RECORD EXTRACTS —
++++++

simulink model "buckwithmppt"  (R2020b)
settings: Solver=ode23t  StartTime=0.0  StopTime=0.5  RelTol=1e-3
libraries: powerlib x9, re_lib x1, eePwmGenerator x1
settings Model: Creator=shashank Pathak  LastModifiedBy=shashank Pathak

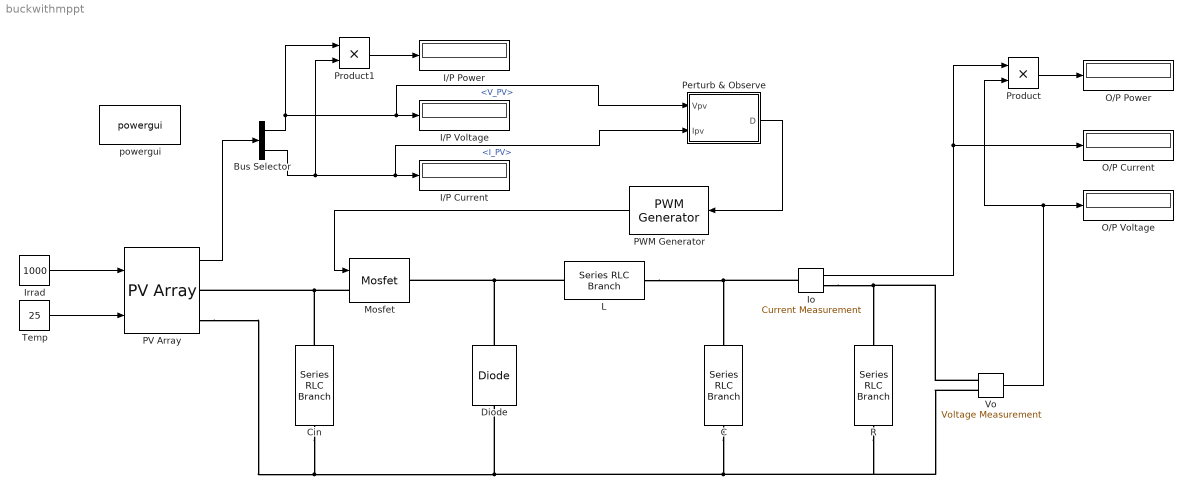
== system buckwithmppt ==
  Bus Selector : BusSelector  OutputSignals=V_PV,I_PV
  C : powerlib/Elements/Series RLC Branch  LConnTagsString=__new0  RConnTagsString=__new0  BranchType=C  Resistance=1  Inductance=1e-3  SetiL0=off  InitialCurrent=0  Capacitance=2.502e-6  Setx0=off  InitialVoltage=0  Measurements=None
  Cin : powerlib/Elements/Series RLC Branch  LConnTagsString=__new0  RConnTagsString=__new0  BranchType=RC  Resistance=0.0001  Inductance=1e-3  SetiL0=off  InitialCurrent=0  Capacitance=1000e-6  Setx0=off  InitialVoltage=0  Measurements=None
  Diode : powerlib/Power Electronics/Diode  Ron=0.001  Lon=0  Vf=0.8  IC=0  UseSnubber=0  Rs=500  Cs=250e-9  Measurements=off
  I/P Current : Display
  I/P Power : Display
  I/P Voltage : Display
  Io : powerlib/Measurements/Current Measurement  PhasorSimulation=off  OutputType=Complex  PSBequivalent=0
  Irrad : Constant  Value=1000
  L : powerlib/Elements/Series RLC Branch  LConnTagsString=__new0  RConnTagsString=__new0  BranchType=L  Resistance=1  Inductance=9.92e-5  SetiL0=off  InitialCurrent=0  Capacitance=1e-6  Setx0=off  InitialVoltage=0  Measurements=None
  Mosfet : powerlib/Power Electronics/Mosfet  Ron=0.1  Lon=0  Rd=0.01  Vfd=0  IC=0  Rs=1e5  Cs=inf  Measurements=off
  O/P Current : Display
  O/P Power : Display
  O/P Voltage : Display
  PV Array : re_lib/Solar/PV Array  Npar=1  Nser=1  PlotType=array @ 25 deg.C & specified irradiances  S_vec=[ 1000 500 100 ]  Temp_C_vec="[ 45 25  ]"  ModuleName=User-defined  PlotWhenSelected=off  Pm=213.15  Ncell=60  Voc=36.3  Isc=7.84  Vm=29  Im=7.35  beta_Voc_pc=-0.36099  alpha_Isc_pc=0.102  beta_Voc=-0.13104  alpha_Isc=0.0079968  IL=7.8654  I0=2.9273e-10  nI=0.98119  Rsh=313.0553  Rs=0.39381  RobustModel=off  RobustCellTemperature=313.3991  BAL=on  Tc=1e-6  Tfilter=5e-5
  PWM Generator : eePwmGenerator/PWM Generator  CarrCount=Up  Tper=1/5000  Ts=10e-6
  Perturb & Observe : MATLAB Function  TreatAsAtomicUnit=on
  Product : Product
  Product1 : Product
  R : powerlib/Elements/Series RLC Branch  LConnTagsString=__new0  RConnTagsString=__new0  BranchType=R  Resistance=1  Inductance=1e-3  SetiL0=off  InitialCurrent=0  Capacitance=1e-6  Setx0=off  InitialVoltage=0  Measurements=None
  Temp : Constant  Value=25
  Vo : powerlib/Measurements/Voltage Measurement  PhasorSimulation=off  OutputType=Complex  PSBequivalent=0
  powergui : powerlib/powergui  Priority=1  SimulationMode=Discrete  SampleTime=1e-6  frequency=60  Iterations=50  frequencyindice=0  Pbase=100e6  ErrMax=1e-4  UnitsV=kV  UnitsW=MW  buscounter=0  FunctionMessages=off  echomessages=off  EnableUseOfTLC=off  CurrentSourceSwitches=off  DisableSnubberDevices=off  DisableRonSwitches=off  DisableVfSwitches=off  DisplayEquations=off  AutomaticDiscreteSolvers=off  SolverType=Tustin/Backward Euler (TBE)  Interpol=off  ExternalGateDelay=off  methode=off  Ts=100  x0status=blocks  SPID=on  SwTol=0  HookPort=off  NonlinearTolerance=1e-4  nMaxIteration=100  ContinueOnMaxIteration=off  RestoreLinks=warning  ResistiveCurrentMeasurement=off  Frange=[0:2:500]  Ylog=off  Xlog=on  ShowGrid=off  save=off  variable=ZData  structure=0  ZoomFFT=off  StartTime=0.0  cycles=1  DisplayStyle=1  fundamental=60  FreqAxis=off  MaxFrequency=1000  frequencyindicesteady=1  RmsSteady=1  display=off
  wires:
  Irrad/1 -> PV Array/1
  Temp/1 -> PV Array/2
  PV Array/1 -> Bus Selector/1
  Bus Selector/1 -> Product1/1, I/P Voltage/1, Perturb & Observe/1(Vpv)  "<V_PV>"
  Bus Selector/2 -> Product1/2, Perturb & Observe/2(Ipv), I/P Current/1  "<I_PV>"
  Io/1 -> Product/1, O/P Current/1
  Vo/1 -> Product/2, O/P Voltage/1
  Product/1 -> O/P Power/1
  Product1/1 -> I/P Power/1
  PWM Generator/1 -> Mosfet/1
  Perturb & Observe/1(D) -> PWM Generator/1
  connections:
  Mosfet/LConn1 -- Cin/LConn1 -- PV Array/RConn1
  L/LConn1 -- Mosfet/RConn1 -- Diode/RConn1
  L/RConn1 -- Io/LConn1 -- C/LConn1
  PV Array/RConn2 -- Cin/RConn1 -- R/RConn1 -- Vo/LConn2 -- C/RConn1 -- Diode/LConn1
  Io/RConn1 -- Vo/LConn1 -- R/LConn1

== matlab function buckwithmppt/Perturb & Observe ==
  data: Vpv input; D output; Ipv input
function D = PO(Vpv, Ipv)

persistent Dprev Vprev Pprev

if isempty(Dprev)
    Dprev = 0.5;
    Vprev = 0;
    Pprev = 0;
end
    
delD = 1e-6;
Ppv = Vpv * Ipv;
dP = Ppv - Pprev;
dV = Vpv - Vprev;

if dP ~= 0
    if dP > 0
        if dV > 0
            D = Dprev - delD;
        else
            D = Dprev + delD;
        end
    else
        if dV > 0
            D = Dprev + delD;
        else
            D = Dprev - delD;
        end
    end
else
    D = Dprev;
end

Dprev = D;
Pprev = Ppv;
Vprev = Vpv;

end

++++++

INSTRUCTIONS FOR THE TASK —
Drop the pictures, then repeat the material word for word.

YOUR SOLUTION —
simulink model "buckwithmppt"  (R2020b)
settings: Solver=ode23t  StartTime=0.0  StopTime=0.5  RelTol=1e-3
libraries: powerlib x9, re_lib x1, eePwmGenerator x1
settings Model: Creator=shashank Pathak  LastModifiedBy=shashank Pathak

== system buckwithmppt ==
  Bus Selector : BusSelector  OutputSignals=V_PV,I_PV
  C : powerlib/Elements/Series RLC Branch  LConnTagsString=__new0  RConnTagsString=__new0  BranchType=C  Resistance=1  Inductance=1e-3  SetiL0=off  InitialCurrent=0  Capacitance=2.502e-6  Setx0=off  InitialVoltage=0  Measurements=None
  Cin : powerlib/Elements/Series RLC Branch  LConnTagsString=__new0  RConnTagsString=__new0  BranchType=RC  Resistance=0.0001  Inductance=1e-3  SetiL0=off  InitialCurrent=0  Capacitance=1000e-6  Setx0=off  InitialVoltage=0  Measurements=None
  Diode : powerlib/Power Electronics/Diode  Ron=0.001  Lon=0  Vf=0.8  IC=0  UseSnubber=0  Rs=500  Cs=250e-9  Measurements=off
  I/P Current : Display
  I/P Power : Display
  I/P Voltage : Display
  Io : powerlib/Measurements/Current Measurement  PhasorSimulation=off  OutputType=Complex  PSBequivalent=0
  Irrad : Constant  Value=1000
  L : powerlib/Elements/Series RLC Branch  LConnTagsString=__new0  RConnTagsString=__new0  BranchType=L  Resistance=1  Inductance=9.92e-5  SetiL0=off  InitialCurrent=0  Capacitance=1e-6  Setx0=off  InitialVoltage=0  Measurements=None
  Mosfet : powerlib/Power Electronics/Mosfet  Ron=0.1  Lon=0  Rd=0.01  Vfd=0  IC=0  Rs=1e5  Cs=inf  Measurements=off
  O/P Current : Display
  O/P Power : Display
  O/P Voltage : Display
  PV Array : re_lib/Solar/PV Array  Npar=1  Nser=1  PlotType=array @ 25 deg.C & specified irradiances  S_vec=[ 1000 500 100 ]  Temp_C_vec="[ 45 25  ]"  ModuleName=User-defined  PlotWhenSelected=off  Pm=213.15  Ncell=60  Voc=36.3  Isc=7.84  Vm=29  Im=7.35  beta_Voc_pc=-0.36099  alpha_Isc_pc=0.102  beta_Voc=-0.13104  alpha_Isc=0.0079968  IL=7.8654  I0=2.9273e-10  nI=0.98119  Rsh=313.0553  Rs=0.39381  RobustModel=off  RobustCellTemperature=313.3991  BAL=on  Tc=1e-6  Tfilter=5e-5
  PWM Generator : eePwmGenerator/PWM Generator  CarrCount=Up  Tper=1/5000  Ts=10e-6
  Perturb & Observe : MATLAB Function  TreatAsAtomicUnit=on
  Product : Product
  Product1 : Product
  R : powerlib/Elements/Series RLC Branch  LConnTagsString=__new0  RConnTagsString=__new0  BranchType=R  Resistance=1  Inductance=1e-3  SetiL0=off  InitialCurrent=0  Capacitance=1e-6  Setx0=off  InitialVoltage=0  Measurements=None
  Temp : Constant  Value=25
  Vo : powerlib/Measurements/Voltage Measurement  PhasorSimulation=off  OutputType=Complex  PSBequivalent=0
  powergui : powerlib/powergui  Priority=1  SimulationMode=Discrete  SampleTime=1e-6  frequency=60  Iterations=50  frequencyindice=0  Pbase=100e6  ErrMax=1e-4  UnitsV=kV  UnitsW=MW  buscounter=0  FunctionMessages=off  echomessages=off  EnableUseOfTLC=off  CurrentSourceSwitches=off  DisableSnubberDevices=off  DisableRonSwitches=off  DisableVfSwitches=off  DisplayEquations=off  AutomaticDiscreteSolvers=off  SolverType=Tustin/Backward Euler (TBE)  Interpol=off  ExternalGateDelay=off  methode=off  Ts=100  x0status=blocks  SPID=on  SwTol=0  HookPort=off  NonlinearTolerance=1e-4  nMaxIteration=100  ContinueOnMaxIteration=off  RestoreLinks=warning  ResistiveCurrentMeasurement=off  Frange=[0:2:500]  Ylog=off  Xlog=on  ShowGrid=off  save=off  variable=ZData  structure=0  ZoomFFT=off  StartTime=0.0  cycles=1  DisplayStyle=1  fundamental=60  FreqAxis=off  MaxFrequency=1000  frequencyindicesteady=1  RmsSteady=1  display=off
  wires:
  Irrad/1 -> PV Array/1
  Temp/1 -> PV Array/2
  PV Array/1 -> Bus Selector/1
  Bus Selector/1 -> Product1/1, I/P Voltage/1, Perturb & Observe/1(Vpv)  "<V_PV>"
  Bus Selector/2 -> Product1/2, Perturb & Observe/2(Ipv), I/P Current/1  "<I_PV>"
  Io/1 -> Product/1, O/P Current/1
  Vo/1 -> Product/2, O/P Voltage/1
  Product/1 -> O/P Power/1
  Product1/1 -> I/P Power/1
  PWM Generator/1 -> Mosfet/1
  Perturb & Observe/1(D) -> PWM Generator/1
  connections:
  Mosfet/LConn1 -- Cin/LConn1 -- PV Array/RConn1
  L/LConn1 -- Mosfet/RConn1 -- Diode/RConn1
  L/RConn1 -- Io/LConn1 -- C/LConn1
  PV Array/RConn2 -- Cin/RConn1 -- R/RConn1 -- Vo/LConn2 -- C/RConn1 -- Diode/LConn1
  Io/RConn1 -- Vo/LConn1 -- R/LConn1

== matlab function buckwithmppt/Perturb & Observe ==
  data: Vpv input; D output; Ipv input
function D = PO(Vpv, Ipv)

persistent Dprev Vprev Pprev

if isempty(Dprev)
    Dprev = 0.5;
    Vprev = 0;
    Pprev = 0;
end
    
delD = 1e-6;
Ppv = Vpv * Ipv;
dP = Ppv - Pprev;
dV = Vpv - Vprev;

if dP ~= 0
    if dP > 0
        if dV > 0
            D = Dprev - delD;
        else
            D = Dprev + delD;
        end
    else
        if dV > 0
            D = Dprev + delD;
        else
            D = Dprev - delD;
        end
    end
else
    D = Dprev;
end

Dprev = D;
Pprev = Ppv;
Vprev = Vpv;

end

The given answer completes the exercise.